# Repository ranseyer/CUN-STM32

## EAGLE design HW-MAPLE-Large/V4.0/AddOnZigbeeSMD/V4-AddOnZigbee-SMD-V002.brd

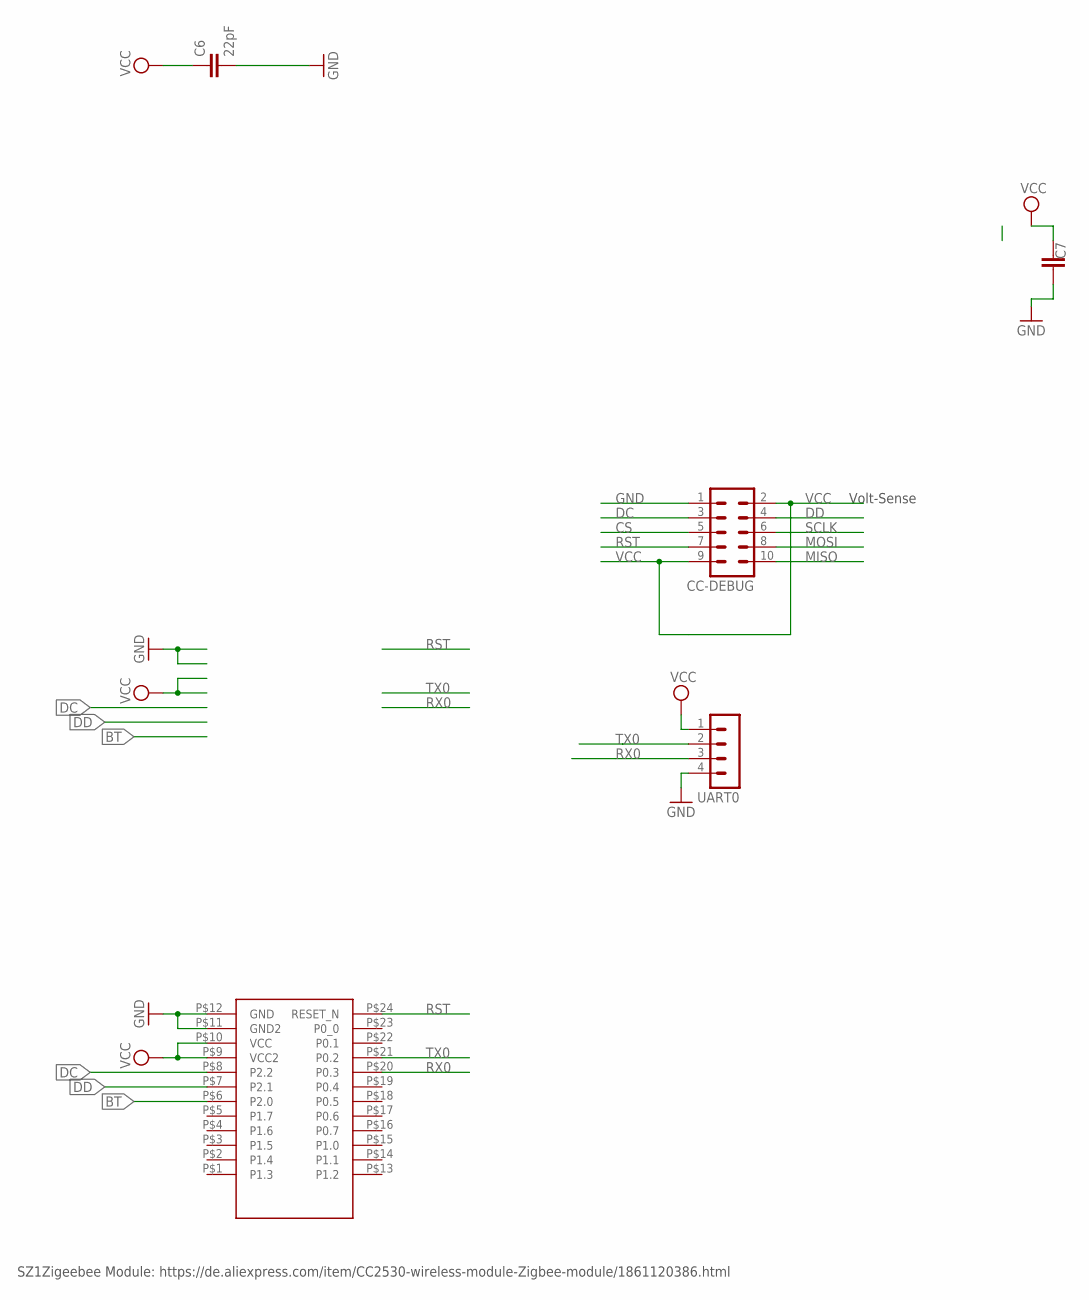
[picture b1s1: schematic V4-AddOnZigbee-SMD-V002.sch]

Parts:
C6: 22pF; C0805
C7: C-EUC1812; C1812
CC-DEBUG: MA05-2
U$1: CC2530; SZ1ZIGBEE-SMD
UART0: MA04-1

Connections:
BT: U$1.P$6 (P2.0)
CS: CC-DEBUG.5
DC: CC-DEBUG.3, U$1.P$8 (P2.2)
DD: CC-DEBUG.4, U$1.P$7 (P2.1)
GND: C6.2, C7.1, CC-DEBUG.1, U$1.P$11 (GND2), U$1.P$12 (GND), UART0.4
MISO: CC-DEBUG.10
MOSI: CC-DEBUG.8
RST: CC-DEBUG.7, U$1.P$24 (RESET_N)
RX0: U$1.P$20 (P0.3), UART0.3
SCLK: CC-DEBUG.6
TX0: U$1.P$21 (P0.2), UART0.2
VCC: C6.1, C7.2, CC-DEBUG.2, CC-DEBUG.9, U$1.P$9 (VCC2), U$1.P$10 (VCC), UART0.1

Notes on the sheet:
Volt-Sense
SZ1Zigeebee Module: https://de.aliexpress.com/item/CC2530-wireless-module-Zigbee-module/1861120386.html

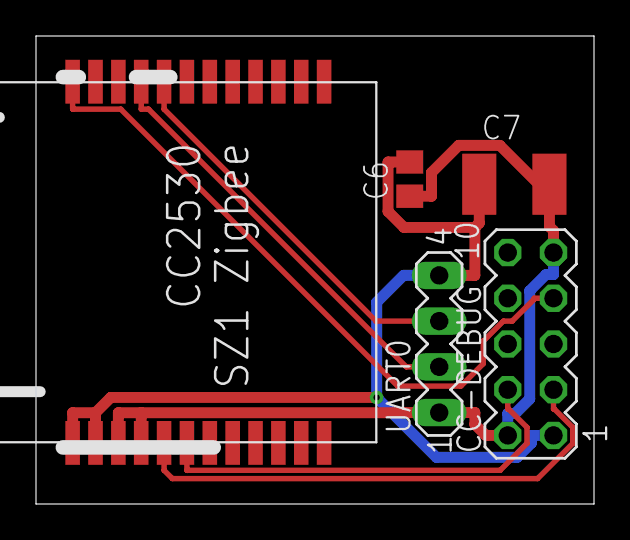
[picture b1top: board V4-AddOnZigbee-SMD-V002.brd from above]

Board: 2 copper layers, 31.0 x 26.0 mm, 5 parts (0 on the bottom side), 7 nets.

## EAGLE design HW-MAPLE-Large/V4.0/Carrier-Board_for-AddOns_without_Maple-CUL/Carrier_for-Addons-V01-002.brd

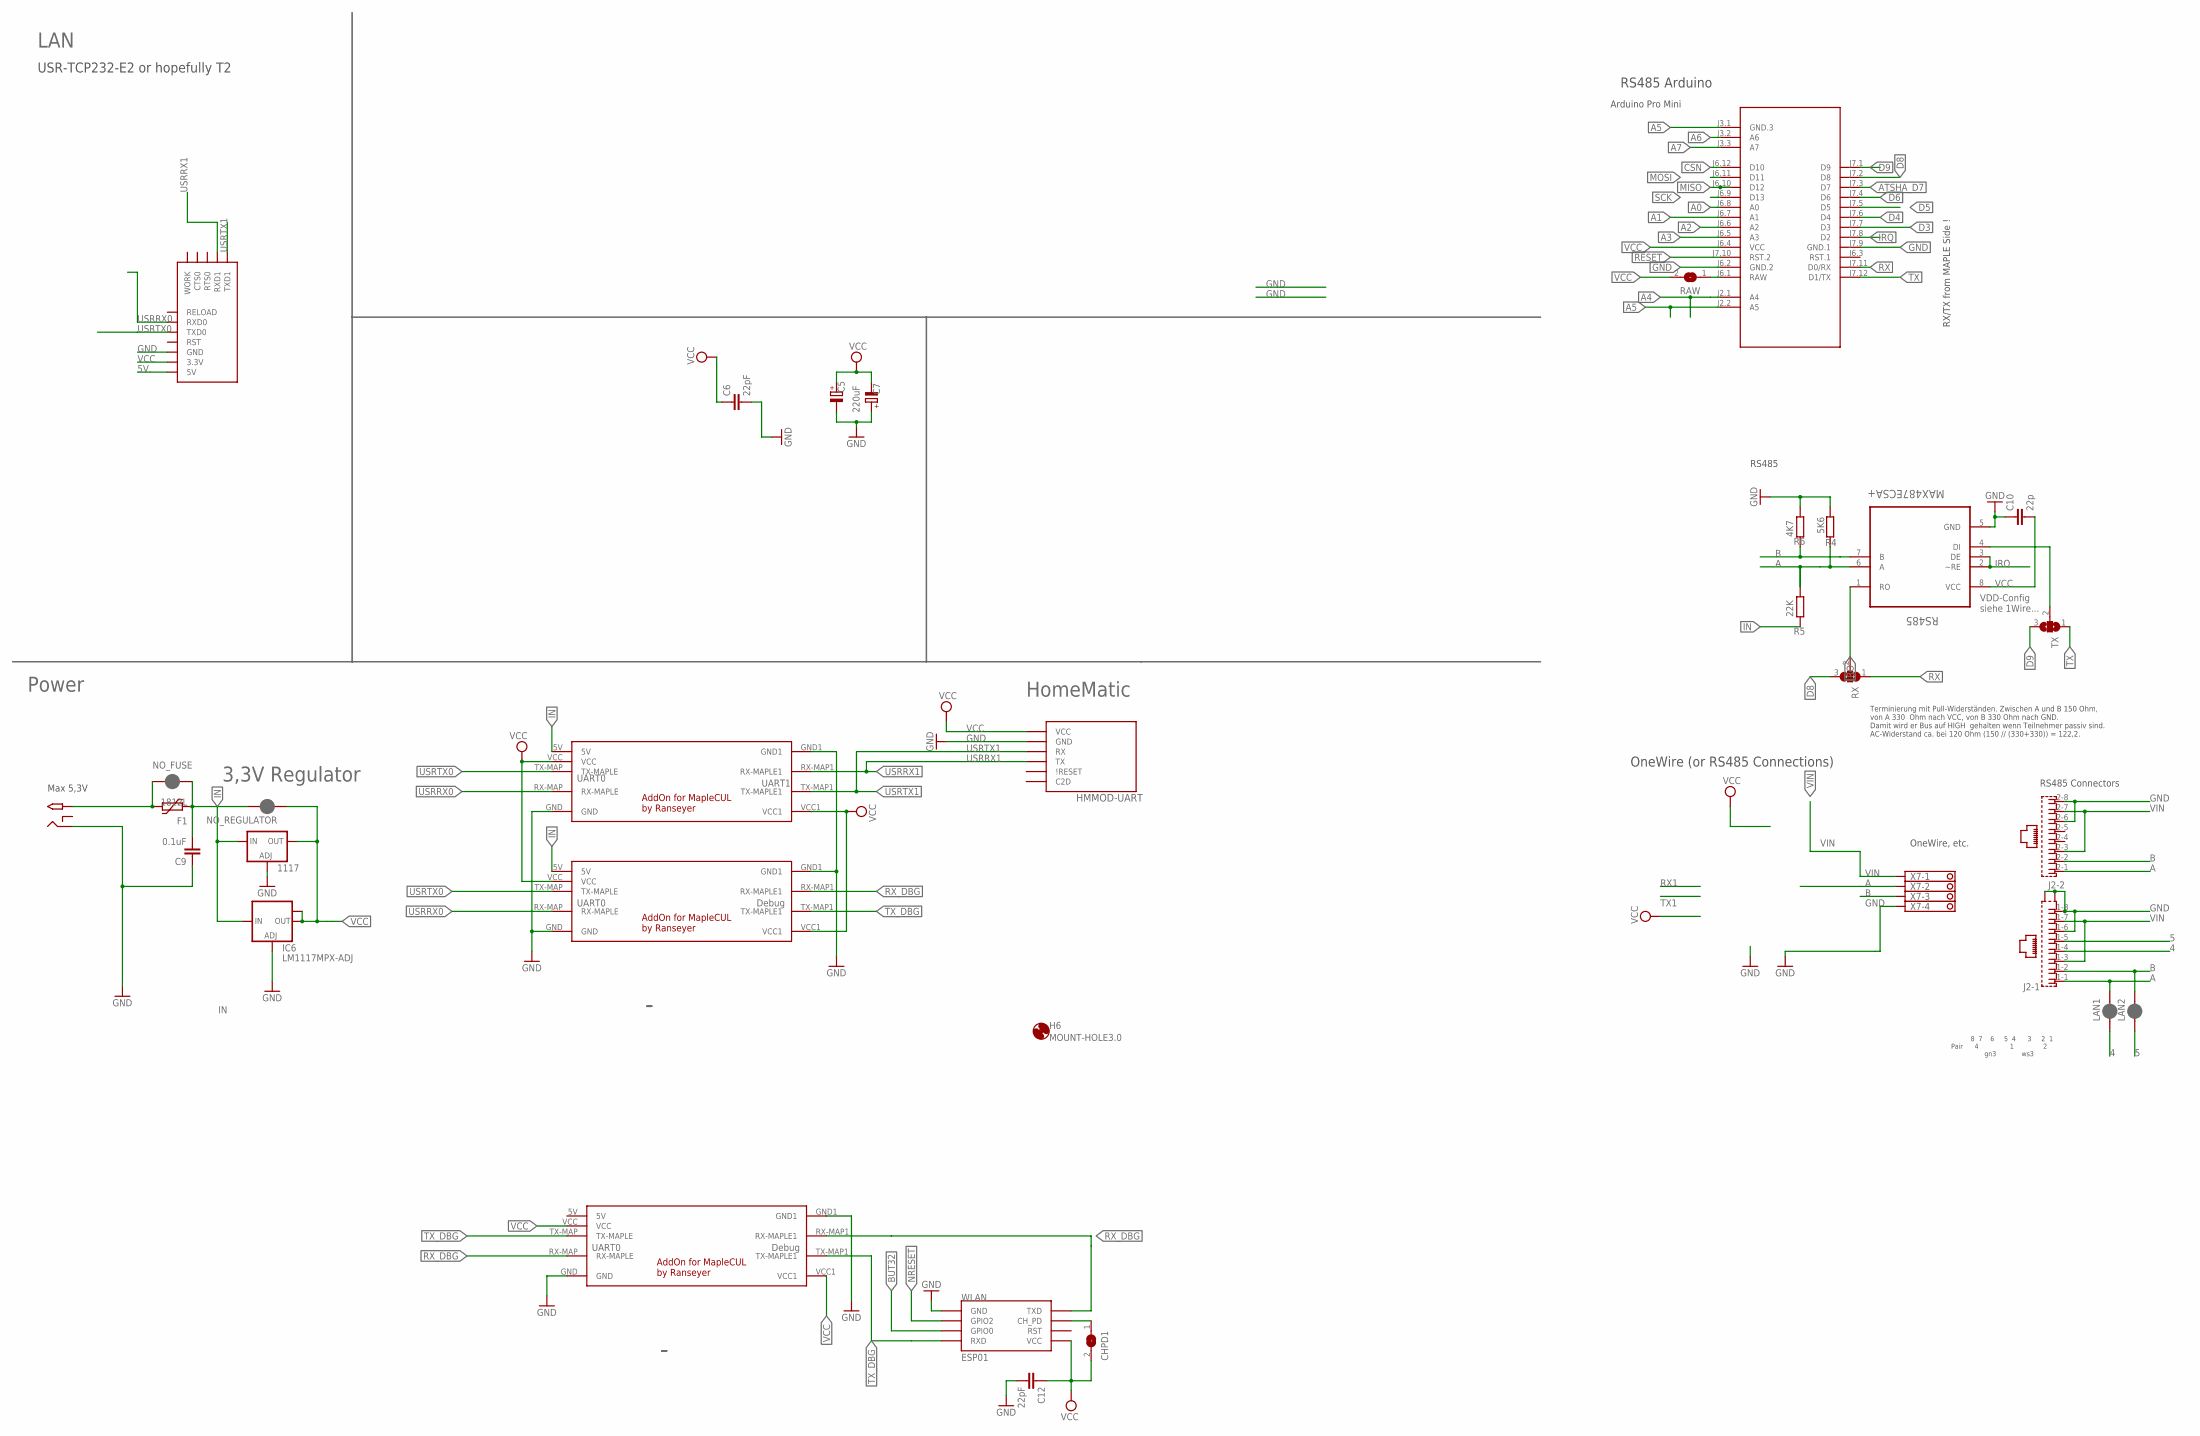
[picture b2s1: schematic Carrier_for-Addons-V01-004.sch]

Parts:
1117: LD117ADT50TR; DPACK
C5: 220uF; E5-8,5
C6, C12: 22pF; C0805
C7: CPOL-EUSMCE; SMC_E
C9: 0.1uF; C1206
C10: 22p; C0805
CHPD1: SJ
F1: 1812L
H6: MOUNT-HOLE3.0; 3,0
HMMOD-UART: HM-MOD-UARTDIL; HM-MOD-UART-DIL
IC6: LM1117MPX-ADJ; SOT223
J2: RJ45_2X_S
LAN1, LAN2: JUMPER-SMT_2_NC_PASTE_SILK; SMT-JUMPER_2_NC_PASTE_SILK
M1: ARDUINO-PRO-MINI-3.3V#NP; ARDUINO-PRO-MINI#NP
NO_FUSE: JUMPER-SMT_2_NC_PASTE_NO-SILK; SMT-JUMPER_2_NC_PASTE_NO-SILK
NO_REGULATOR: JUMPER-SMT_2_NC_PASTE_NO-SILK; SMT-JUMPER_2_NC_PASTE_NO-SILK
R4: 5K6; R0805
# # # #
-- AIM OF THE EXERCISE --
Your answer must be an exact transcription of the records above, minus the pictures.

-- WRITTEN ANSWER --
# Repository ranseyer/CUN-STM32

## EAGLE design HW-MAPLE-Large/V4.0/AddOnZigbeeSMD/V4-AddOnZigbee-SMD-V002.brd

[picture b1s1: schematic V4-AddOnZigbee-SMD-V002.sch]

Parts:
C6: 22pF; C0805
C7: C-EUC1812; C1812
CC-DEBUG: MA05-2
U$1: CC2530; SZ1ZIGBEE-SMD
UART0: MA04-1

Connections:
BT: U$1.P$6 (P2.0)
CS: CC-DEBUG.5
DC: CC-DEBUG.3, U$1.P$8 (P2.2)
DD: CC-DEBUG.4, U$1.P$7 (P2.1)
GND: C6.2, C7.1, CC-DEBUG.1, U$1.P$11 (GND2), U$1.P$12 (GND), UART0.4
MISO: CC-DEBUG.10
MOSI: CC-DEBUG.8
RST: CC-DEBUG.7, U$1.P$24 (RESET_N)
RX0: U$1.P$20 (P0.3), UART0.3
SCLK: CC-DEBUG.6
TX0: U$1.P$21 (P0.2), UART0.2
VCC: C6.1, C7.2, CC-DEBUG.2, CC-DEBUG.9, U$1.P$9 (VCC2), U$1.P$10 (VCC), UART0.1

Notes on the sheet:
Volt-Sense
SZ1Zigeebee Module: https://de.aliexpress.com/item/CC2530-wireless-module-Zigbee-module/1861120386.html

[picture b1top: board V4-AddOnZigbee-SMD-V002.brd from above]

Board: 2 copper layers, 31.0 x 26.0 mm, 5 parts (0 on the bottom side), 7 nets.

## EAGLE design HW-MAPLE-Large/V4.0/Carrier-Board_for-AddOns_without_Maple-CUL/Carrier_for-Addons-V01-002.brd

[picture b2s1: schematic Carrier_for-Addons-V01-004.sch]

Parts:
1117: LD117ADT50TR; DPACK
C5: 220uF; E5-8,5
C6, C12: 22pF; C0805
C7: CPOL-EUSMCE; SMC_E
C9: 0.1uF; C1206
C10: 22p; C0805
CHPD1: SJ
F1: 1812L
H6: MOUNT-HOLE3.0; 3,0
HMMOD-UART: HM-MOD-UARTDIL; HM-MOD-UART-DIL
IC6: LM1117MPX-ADJ; SOT223
J2: RJ45_2X_S
LAN1, LAN2: JUMPER-SMT_2_NC_PASTE_SILK; SMT-JUMPER_2_NC_PASTE_SILK
M1: ARDUINO-PRO-MINI-3.3V#NP; ARDUINO-PRO-MINI#NP
NO_FUSE: JUMPER-SMT_2_NC_PASTE_NO-SILK; SMT-JUMPER_2_NC_PASTE_NO-SILK
NO_REGULATOR: JUMPER-SMT_2_NC_PASTE_NO-SILK; SMT-JUMPER_2_NC_PASTE_NO-SILK
R4: 5K6; R0805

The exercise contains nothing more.